Stored data
◇ ◇ ◇ ◇ ◇

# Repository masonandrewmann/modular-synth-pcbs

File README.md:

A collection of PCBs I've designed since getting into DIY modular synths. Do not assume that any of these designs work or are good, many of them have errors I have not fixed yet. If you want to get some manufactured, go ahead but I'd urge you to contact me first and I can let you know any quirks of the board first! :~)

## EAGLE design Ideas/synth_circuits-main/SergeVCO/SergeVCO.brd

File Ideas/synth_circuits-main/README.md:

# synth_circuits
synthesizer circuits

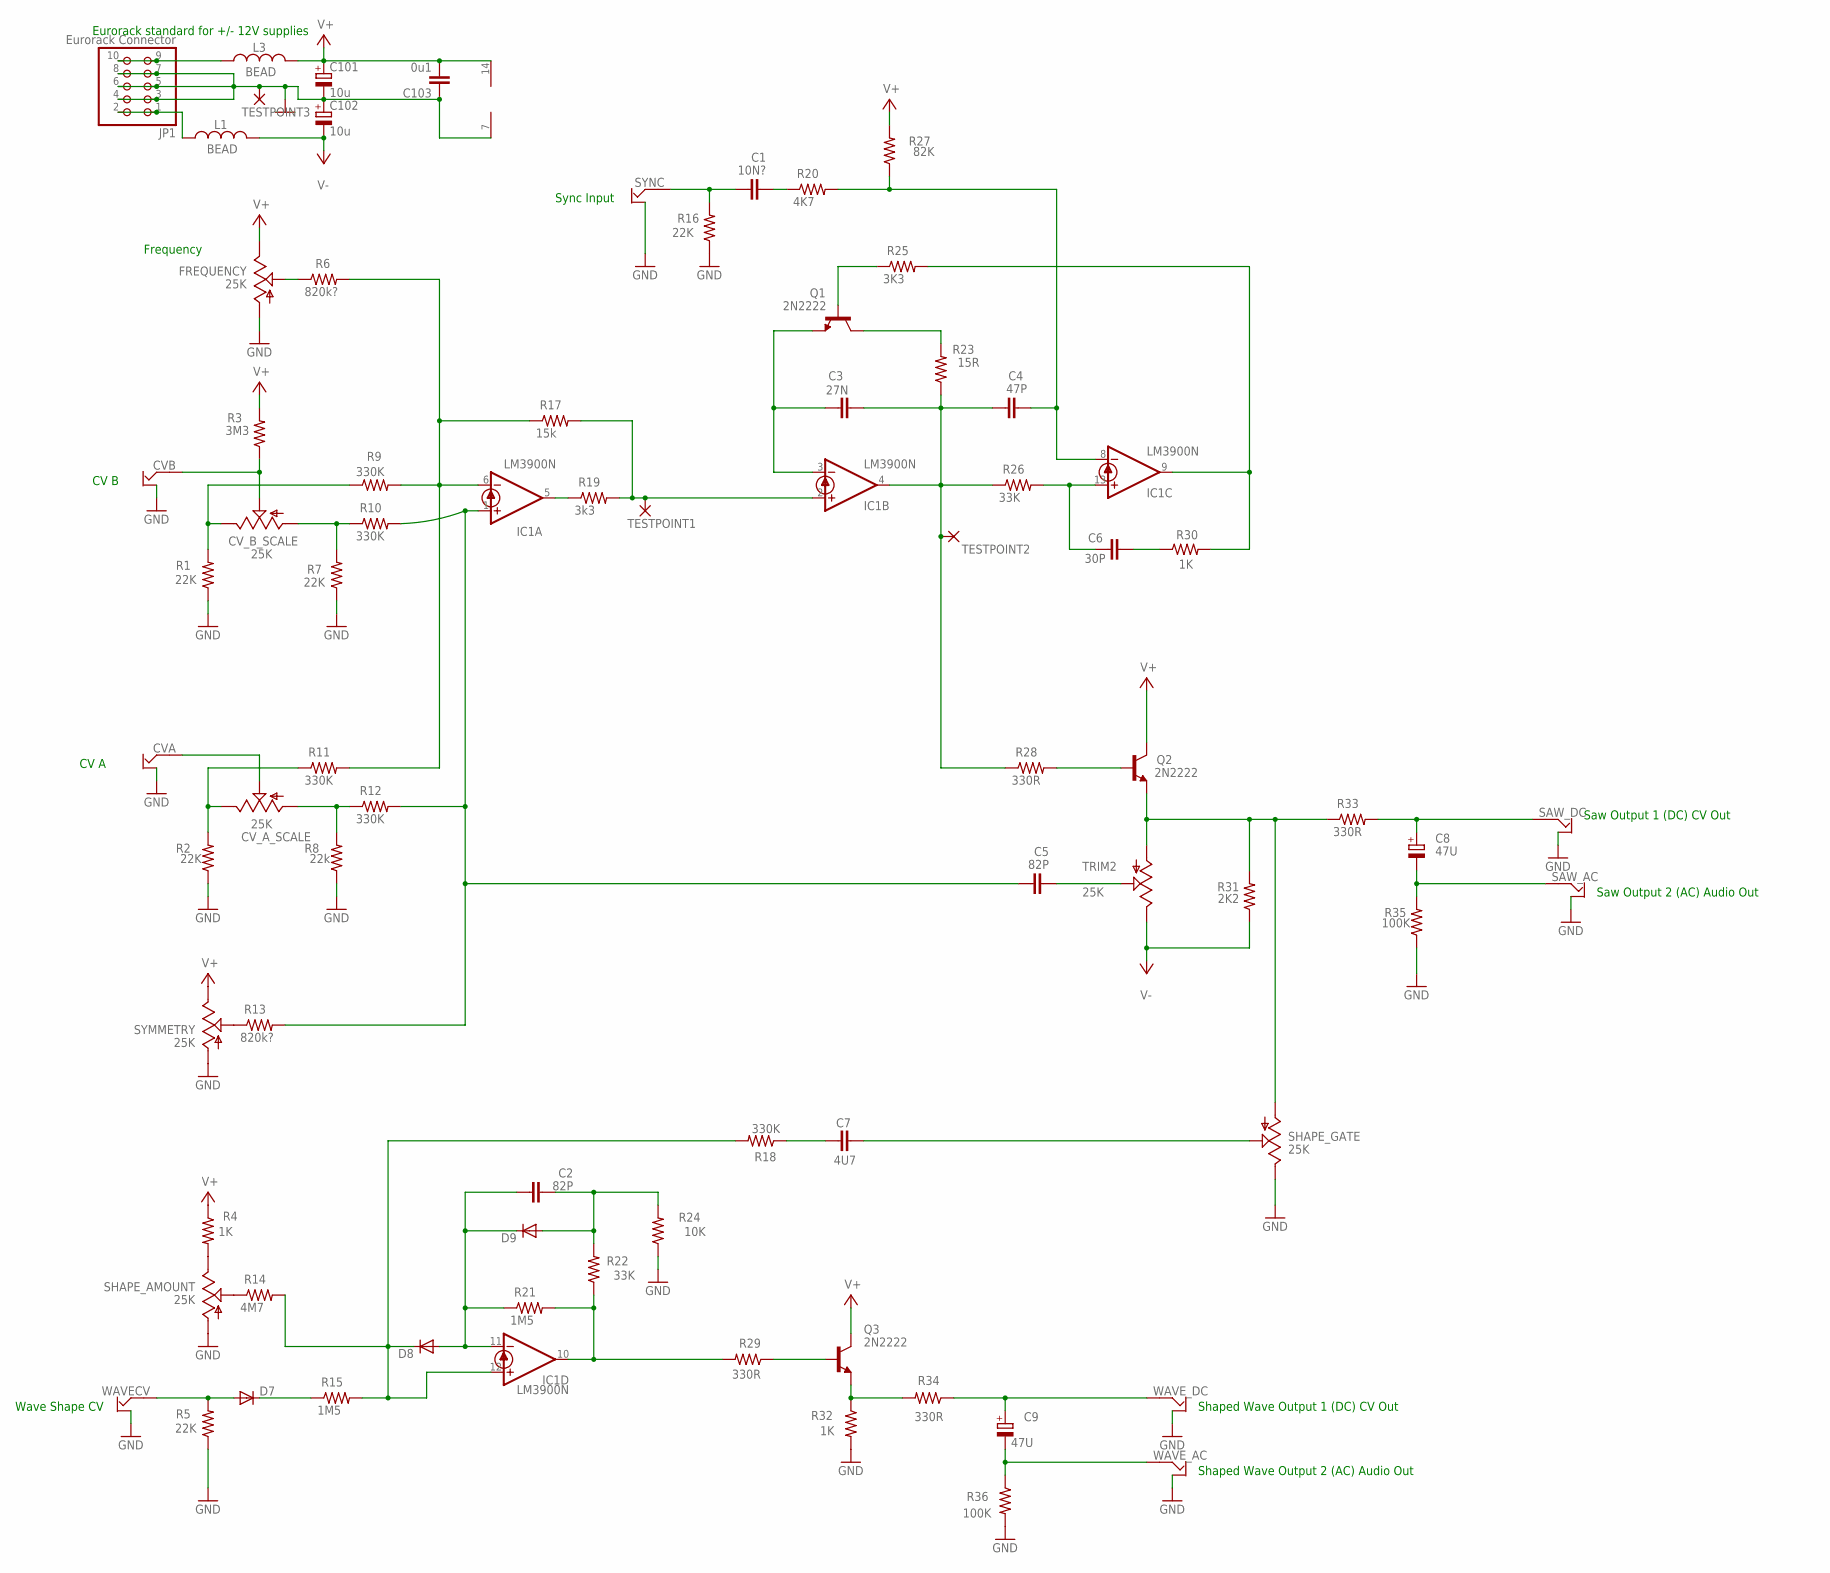
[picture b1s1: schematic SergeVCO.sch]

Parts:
C1: 10N?; C050-025X075-AARON
C2, C5: 82P; C050-025X075-AARON
C3: 27N; C050-025X075-AARON
C4: 47P; C050-025X075-AARON
C6: 30P; C050-025X075-AARON
C7: 4U7; C050-025X075-AARON
C8, C9: 47U; E1,8-4
C101, C102: 10u; E1,8-4
C103: 0u1; C050-025X075-AARON
CVA: OFFBOARD2JACKALT_AARON; OFFBOARD2JACKALT
CVB: OFFBOARD2JACKALT_AARON; OFFBOARD2JACKALT
CV_A_SCALE: 25K; B64Y
CV_B_SCALE: 25K; B64Y
D7, D8, D9: SMALL_DIODEDO35-7; DO35-7
FREQUENCY: 25K; B64Y
IC1: LM3900N; DIL14
JP1: Eurorack Connector; 2X05
L1, L3: BEAD; 0207/10
Q1, Q2, Q3: 2N2222; TO92-EBC-OVAL
R1, R2, R5, R7, R16: 22K; 0207/10
R3: 3M3; 0207/10
R4, R30, R32: 1K; 0207/10
R6, R13: 820k?; 0207/10
R8: 22k; 0207/10
R9, R10, R11, R12, R18: 330K; 0207/10
R14: 4M7; 0207/10
R15, R21: 1M5; 0207/10
R17: 15k; 0207/10
R19: 3k3; 0207/10
R20: 4K7; 0207/10
R22, R26: 33K; 0207/10
R23: 15R; 0207/10
R24: 10K; 0207/10
R25: 3K3; 0207/10
R27: 82K; 0207/10
R28, R29, R33, R34: 330R; 0207/10
R31: 2K2; 0207/10
R35, R36: 100K; 0207/10
SAW_AC: OFFBOARD2JACKALT_AARON; OFFBOARD2JACKALT
SAW_DC: OFFBOARD2JACKALT_AARON; OFFBOARD2JACKALT
SHAPE_AMOUNT: 25K; B64Y
SHAPE_GATE: 25K; B64Y
SYMMETRY: 25K; B64Y
SYNC: OFFBOARD2JACKALT_AARON; OFFBOARD2JACKALT
TESTPOINT1, TESTPOINT2, TESTPOINT3: IOPAD_AARON; ELLIPTICALPADSINGLE
TRIM2: 25K; RS3
WAVECV: OFFBOARD2JACKALT_AARON; OFFBOARD2JACKALT
WAVE_AC: OFFBOARD2JACKALT_AARON; OFFBOARD2JACKALT
WAVE_DC: OFFBOARD2JACKALT_AARON; OFFBOARD2JACKALT

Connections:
GND: C101.-, C102.+, C103.1, CVA.GND, CVB.GND, FREQUENCY.A, IC1.7 (GND), JP1.3, JP1.4, JP1.5, JP1.6, JP1.7, JP1.8, R1.1, R2.1, R5.1, R7.1, R8.1, R16.1, R24.1, R32.2, R35.1, R36.2, SAW_AC.GND, SAW_DC.GND, SHAPE_AMOUNT.A, SHAPE_GATE.E, SYMMETRY.A, SYNC.GND, TESTPOINT3.P$1, WAVECV.GND, WAVE_AC.GND, WAVE_DC.GND
unnamed: FREQUENCY.S, R6.1
unnamed: CVB.SIGNAL, CV_B_SCALE.S, R3.1
unnamed: CV_B_SCALE.E, R1.2, R9.1
unnamed: CV_B_SCALE.A, R7.2, R10.1
unnamed: R13.1, SYMMETRY.S
unnamed: R4.2, SHAPE_AMOUNT.E
unnamed: R14.1, SHAPE_AMOUNT.S
unnamed: D7.A, R5.2, WAVECV.SIGNAL
unnamed: D7.C, R15.1
unnamed: CVA.SIGNAL, CV_A_SCALE.S
unnamed: CV_A_SCALE.E, R2.2, R11.1
unnamed: CV_A_SCALE.A, R8.2, R12.1
unnamed: C5.1, IC1.1 (+IN), R10.2, R12.2, R13.2
unnamed: IC1.6 (-IN), R6.2, R9.2, R11.2, R17.1
unnamed: C3.1, IC1.3 (-IN), Q1.E
unnamed: C2.1, D8.A, D9.C, IC1.11 (-IN), R21.1
unnamed: D8.C, IC1.12 (+IN), R14.2, R15.2, R18.2
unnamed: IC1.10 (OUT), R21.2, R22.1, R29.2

◇ ◇ ◇ ◇ ◇

Task details:
Repeat exactly the lines above, from the line that contains "## EAGLE design" down through the line that contains "CVB: OFFBOARD2JACKALT_AARON; OFFBOARD2JACKALT". Include both of those lines and none of the pictures.

Task output:
## EAGLE design Ideas/synth_circuits-main/SergeVCO/SergeVCO.brd

File Ideas/synth_circuits-main/README.md:

# synth_circuits
synthesizer circuits

[picture b1s1: schematic SergeVCO.sch]

Parts:
C1: 10N?; C050-025X075-AARON
C2, C5: 82P; C050-025X075-AARON
C3: 27N; C050-025X075-AARON
C4: 47P; C050-025X075-AARON
C6: 30P; C050-025X075-AARON
C7: 4U7; C050-025X075-AARON
C8, C9: 47U; E1,8-4
C101, C102: 10u; E1,8-4
C103: 0u1; C050-025X075-AARON
CVA: OFFBOARD2JACKALT_AARON; OFFBOARD2JACKALT
CVB: OFFBOARD2JACKALT_AARON; OFFBOARD2JACKALT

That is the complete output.